Available audio streams:
Stream   0: codec: aac, lang_code: und, [/Users/kytrinyx/subs2cia/mother/mother.ep-05.1125084v.mp4]

Available video streams:
Stream   0: codec: h264, lang_code: und, [/Users/kytrinyx/subs2cia/mother/mother.ep-05.1125084v.mp4]

Available chapters:

With debug logging enabled, I get the following right before the traceback:

DEBUG:root:ffmpeg probe results: {'streams': [{'index': 0, 'codec_name': 'webvtt', 'codec_long_name': 'WebVTT subtitle', 'codec_type': 'subtitle', 'codec_time_base': '0/1', 'codec_tag_string': '[0][0][0][0]', 'codec_tag': '0x0000', 'r_frame_rate': '0/0', 'avg_frame_rate': '0/0', 'time_base': '1/1000', 'disposition': {'default': 0, 'dub': 0, 'original': 0, 'comment': 0, 'lyrics': 0, 'karaoke': 0, 'forced': 0, 'hearing_impaired': 0, 'visual_impaired': 0, 'clean_effects': 0, 'attached_pic': 0, 'timed_thumbnails': 0}}], 'chapters': [], 'format': {'filename': '/Users/kytrinyx/subs2cia/mother/subtitles/mother.ep-05.1125084v.en.vtt', 'nb_streams': 1, 'nb_programs': 0, 'format_name': 'webvtt', 'format_long_name': 'WebVTT subtitle', 'size': '41522', 'probe_score': 100}}
DEBUG:root:Loading subtitles at /Users/kytrinyx/subs2cia/mother/subtitles/mother.ep-05.1125084v.en.vtt
Traceback (most recent call last):
...
dxing97 commented 3 years ago

Looks like pysubs2 didn't have explicit support for VTT subtitles until recently (see https://github.com/tkarabela/pysubs2/issues/30) so I'm updating subs2cia to require v1.1.0 of pysubs2 or later.

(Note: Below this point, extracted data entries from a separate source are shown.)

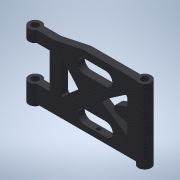
# Autodesk Inventor part: Left_upper_part
Saved by Autodesk Inventor 2020 (Build 240168000, 168)
## iProperties
Created: 2015-12-03
Part Number: Left_upper_part
Material: Acero, suave
Document SubType Name: Modeling
Designer: MIGUEL ANGEL
Density: 7.85 g/cm^3
Appearance: Hierro - Fundido
Author: MIGUEL ANGEL
Autodesk Inventor part; units mm, degrees
ref_plane "YZ Plane" through (0, 0, 0) normal (1, 0, 0) x (0, 1, 0)
ref_plane "XZ Plane" through (0, 0, 0) normal (0, 1, 0) x (-1, 0, 0)
sketch "Boceto2" plane through (0, 0, 0) normal (0, 0, 1) x (1, 0, 0)
  circle A0 centre (-16.7491, 0.2224) radius 9
  circle A1 centre (138.5611, 0.2224) radius 9
  line L0 (-9.2658, 5.2224) -> (131.0778, 5.2224)
  line L1 (131.0778, -4.7776) -> (-9.2658, -4.7776)
  circle A2 centre (138.5611, 0.2224) radius 5
  circle A3 centre (-16.7491, 0.2224) radius 5
  point P0 (0, 0)
  dimension "d2" = 18
  dimension "d3" = 10
  dimension "d4" = 10
  constraints: 4 centre point, 4 end point, 4 point on circle, 2 coincident, 2 equal radius, 2 horizontal
  measures "d2" diameter of A0
  measures "d3" diameter of A3
  measures "d4" distance between parallel lines of L1 L0
extrude "Extrusión1" add sketch "Boceto2" along normal blind 100 contours A0 L0 A1 L1
ref_plane "Plano de trabajo1" through (0, 0, 50) normal (0, 0, -1) x (-1, 0, 0)
sketch "Boceto3" plane through (0, 0, 50) normal (0, 0, -1) x (-1, 0, 0)
  circle A0 centre (-138.5611, 0.2224) radius 9 projected
  circle A1 centre (16.7491, 0.2224) radius 9 projected
  circle A2 centre (-138.5611, 0.2224) radius 5 projected
  circle A3 centre (16.7491, 0.2224) radius 5 projected
  point P0 (0, 0)
extrude "Extrusión2" add sketch "Boceto3" along normal mid plane 105
sketch "Boceto4" plane through (0, 0, 0) normal (0, 1, 0) x (-1, 0, 0)
  line L0 (25.7491, 102.5) -> (25.7491, -2.5) projected
  line L1 (9.2658, 0) -> (-131.0778, 0) projected
  line L2 (9.2658, 100) -> (-131.0778, 100) projected
  line L3 (-147.5611, 102.5) -> (-147.5611, -2.5) projected
  line L4 (25.7491, 9) -> (-14.9531, 9)
  line L5 (-14.9531, 9) -> (-57.3933, 0)
  line L6 (9.2658, 0) -> (-131.0778, 0) projected
  line L7 (-57.3933, 100) -> (-14.9531, 91)
  line L8 (-14.9531, 91) -> (25.7491, 91)
  line L9 (25.7491, 75) -> (-8.8807, 75)
  line L10 (-8.8807, 75) -> (-8.8807, 25)
  line L11 (-8.8807, 25) -> (25.7491, 25)
  line L12 (-24.9356, 70.614) -> (-24.9356, 29.386)
  line L13 (-83.4051, 51.7146) -> (-115.5189, 73.8108)
  line L14 (-118.6526, 72.1632) -> (-118.6526, 61.0832)
  line L15 (-118.6526, 39.8101) -> (-118.6526, 28.73)
  line L16 (-115.5457, 27.0642) -> (-83.4319, 48.4011)
  line L17 (-28.4456, 71.9255) -> (-48.8564, 48.4239)
  line L18 (-28.247, 27.8759) -> (-48.6578, 45.6025)
  line L19 (-57.9307, 80) -> (-88.0143, 80) construction
  line L20 (-57.9307, 89.5575) -> (-88.0143, 89.5575)
  line L21 (-88.0143, 70.4425) -> (-57.9307, 70.4425)
  arc A0 (-57.9307, 70.4425) -> (-57.9307, 89.5575) centre (-57.9307, 80) ccw
  arc A1 (-88.0143, 89.5575) -> (-88.0143, 70.4425) centre (-88.0143, 80) ccw
  line L22 (-57.9307, 18.0061) -> (-88.508, 18.0061) construction
  line L23 (-57.9307, 27.6984) -> (-88.508, 27.6984)
  line L24 (-88.508, 8.3137) -> (-57.9307, 8.3137)
  arc A2 (-57.9307, 8.3137) -> (-57.9307, 27.6984) centre (-57.9307, 18.0061) ccw
  arc A3 (-88.508, 27.6984) -> (-88.508, 8.3137) centre (-88.508, 18.0061) ccw
  line L25 (-118.6526, 61.0832) -> (-103.6526, 55.6402)
  arc A4 (-105.6651, 44.0001) -> (-103.6526, 55.6402) centre (-105.6992, 50) ccw
  line L26 (-105.6651, 44.0001) -> (-117.037, 41.7728)
  arc A5 (-115.5189, 73.8108) -> (-118.6526, 72.1632) centre (-116.6526, 72.1632) ccw
  arc A6 (-83.4319, 48.4011) -> (-83.4051, 51.7146) centre (-84.5388, 50.0669) ccw
  arc A7 (-118.6526, 28.73) -> (-115.5457, 27.0642) centre (-116.6526, 28.73) ccw
  arc A8 (-117.037, 41.7728) -> (-118.6526, 39.8101) centre (-116.6526, 39.8101) ccw
  arc A9 (-28.247, 27.8759) -> (-24.9356, 29.386) centre (-26.9356, 29.386) ccw
  arc A10 (-24.9356, 70.614) -> (-28.4456, 71.9255) centre (-26.9356, 70.614) ccw
  arc A11 (-48.8564, 48.4239) -> (-48.6578, 45.6025) centre (-47.3464, 47.1125) ccw
  line L27 (25.7491, 100) -> (25.7491, 91)
  line L28 (7.7491, 102.5) -> (7.7491, -2.5) projected
  line L29 (-57.3933, 100) -> (7.7491, 100)
  line L30 (7.7491, 102.5) -> (25.7491, 102.5)
  line L31 (25.7491, 102.5) -> (7.7491, 102.5) projected
  point P0 (0, 0)
  point P1 (-24.9356, 75.967)
  point P2 (-24.9356, 25)
  point P3 (-80.9683, 50.038)
  point P4 (-118.6526, 75.967)
  point P5 (-118.6526, 41.4563)
  point P6 (-118.6526, 25)
  point P7 (-8.8807, 50)
  point P8 (25.7491, 50)
  point P9 (-24.9356, 50)
  point P10 (-50.1679, 46.9139)
  point P11 (-72.9725, 80)
  point P12 (-73.2193, 18.0061)
  point P13 (-147.5611, 50)
  dimension "d11" = 50
  dimension "d12" = 16
  dimension "d14" = 16
  dimension "d26" = 2
  dimension "d27" = 2
  dimension "d28" = 6
  dimension "d29" = 15
  constraints: 54 end point, 27 point on line, 24 point on circle, 23 tangent, 12 centre point, 6 midpoint, 6 perpendicular, 5 equal radius, 5 horizontal alignment, 3 collinear, 3 parallel, 2 horizontal, 2 vertical alignment, 1 vertical
  measures "d11" distance between parallel lines of L11 L9
  measures "d12" distance between parallel lines of L9 L8
  measures "d14" distance between parallel lines of L11 L4
  measures "d26" radius of A5
  measures "d27" radius of A9
  measures "d28" radius of A4
  measures "d29" horizontal distance of L14.end L25.end
extrude "Extrusión4" cut sketch "Boceto4" along normal through all both and the other way through all contours L0 L8 L28 L30 | L28 L8 L7 L2 | L0 L11 L28 L9 | L28 L11 L10 L9 | L12 A9 L18 A11 L17 A10 | A6 L16 A7 L15 A8 L26 A4 L25 L14 A5 L13 | A0 L21 A1 L20 | A2 L24 A3 L23
sketch "Boceto5" plane through (57.9307, 5.2224, 8.3137) normal (0, 0, 1) x (1, 0, 0)
  line L0 (0, 0) -> (30.5774, 0) projected
  line L1 (0, -10) -> (0, 0) projected
  line L2 (30.5774, -10) -> (0, -10) projected
  line L3 (30.5774, -10) -> (30.5774, 0) projected
  circle A0 centre (15.2887, -5) radius 3
  line L4 (0, 0) -> (30.5774, 0) projected
  line L5 (0, -10) -> (0, 0) projected
  point P0 (-57.9307, -5.2224)
  point P1 (15.2887, 0)
  point P2 (0, -5)
  dimension "d32" = 6
  constraints: 2 midpoint, 1 centre point, 1 horizontal alignment, 1 vertical alignment
  measures "d32" diameter of A0
extrude "Extrusión5" cut sketch "Boceto5" against normal through all contours A0
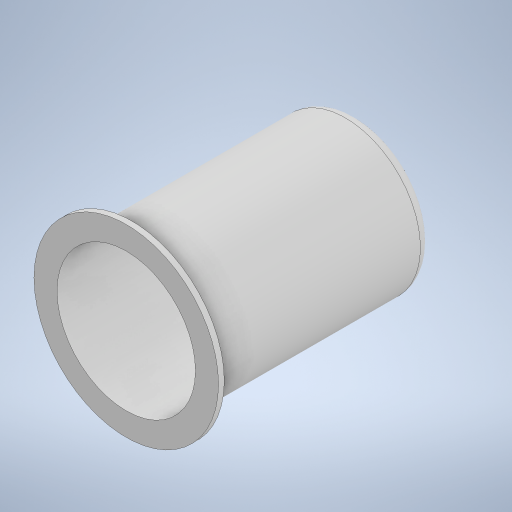
# Autodesk Inventor part: насадка для катпака
Saved by Autodesk Inventor 2023.1 (Build 271208000, 208)
## iProperties
Created: 2023-06-20
Part Number: насадка для катпака
Material: Типовые
Document SubType Name: Modeling
Designer: User
Density: 1 g/cm^3
Appearance: По умолчанию
Author: User
Autodesk Inventor part; units mm, degrees
ref_plane "YZ Plane" through (0, 0, 0) normal (1, 0, 0) x (0, 1, 0)
ref_plane "XZ Plane" through (0, 0, 0) normal (0, 1, 0) x (-1, 0, 0)
ref_plane "XY Plane" through (0, 0, 0) normal (0, 0, 1) x (1, 0, 0)
sketch "Эскиз1" plane through (0, 0, 0) normal (0, 0, 1) x (1, 0, 0)
  circle A0 centre (0, 0) radius 13
  circle A1 centre (0, 0) radius 12
  dimension "d0" = 26
  dimension "d1" = 24
  constraints: 2 centre point, 2 coincident
  measures "d0" diameter of A0
  measures "d1" diameter of A1
extrude "Выдавливание1" add sketch "Эскиз1" along normal blind 38
sketch "Эскиз2" plane through (0, 0, 38) normal (0, 0, 1) x (1, 0, 0)
  circle A0 centre (0, 0) radius 16
  circle A1 centre (0, 0) radius 12
  dimension "d4" = 32
  dimension "d5" = 24
  constraints: 2 centre point, 2 coincident
  measures "d4" diameter of A0
  measures "d5" diameter of A1
extrude "Выдавливание2" add sketch "Эскиз2" along normal blind 1
sketch "Эскиз3" plane through (0, 0, 0) normal (0, 0, -1) x (-1, 0, 0)
  circle A0 centre (0, 0) radius 13 projected
extrude "Выдавливание3" add sketch "Эскиз3" along normal blind 1
fillet "Сопряжение1" radius 2 1 edges at (-12, 0, 0)
fillet "Сопряжение2" radius 2 1 edges at (13, 0, -1)
sketch "Эскиз4" plane through (0, 0, -1) normal (0, 0, -1) x (-1, 0, 0)
  line L0 (-2.25, -2.25) -> (2.25, -2.25)
  line L1 (2.25, -2.25) -> (2.25, 2.25)
  line L2 (2.25, 2.25) -> (-2.25, 2.25)
  line L3 (-2.25, 2.25) -> (-2.25, -2.25)
  line L4 (22.4, 0) -> (-22.4, 0) projected
  line L5 (0, -22.4) -> (0, 22.4) projected
  point P0 (0, 0)
  dimension "d12" = 4.5
  dimension "d13" = 4.5
  constraints: 8 end point, 2 parallel, 1 horizontal, 1 perpendicular, 2 other
  measures "d12" distance between parallel lines of L2 L0
  measures "d13" distance between parallel lines of L1 L3
extrude "Выдавливание4" cut sketch "Эскиз4" against normal blind 1
sketch "Эскиз5" plane through (0, 0, -1) normal (0, 0, -1) x (-1, 0, 0)
  line L0 (-2.25, 2.25) -> (2.25, 2.25) projected
  line L1 (-2.25, -2.25) -> (-2.25, 2.25) projected
  line L2 (2.25, -2.25) -> (-2.25, -2.25) projected
  line L3 (2.25, 2.25) -> (2.25, -2.25) projected
  line L4 (-3.25, -3.25) -> (3.25, -3.25)
  line L5 (3.25, -3.25) -> (3.25, 3.25)
  line L6 (3.25, 3.25) -> (-3.25, 3.25)
  line L7 (-3.25, 3.25) -> (-3.25, -3.25)
  point P0 (0, 0)
  dimension "d16" = 1
  dimension "d17" = 1
  dimension "d18" = 1
  dimension "d19" = 1
  constraints: 8 end point, 2 parallel, 1 horizontal, 1 perpendicular
  measures "d16" distance between parallel lines of L2 L4
  measures "d17" distance between parallel lines of L6 L0
  measures "d18" distance between parallel lines of L7 L1
  measures "d19" distance between parallel lines of L5 L3
extrude "Выдавливание5" add sketch "Эскиз5" along normal blind 5

I'm able to reproduce the exception with pysubs2 v1.10. It looks like pysubs2's format autodetection is getting confused with this particular file and doesn't know which format to use. I've added some logic that retries by forcing the subtitle file's extension as the format and that seems to work for your file.

kytrinyx commented 3 years ago

Sweet, thank you! I'll upgrade and try again.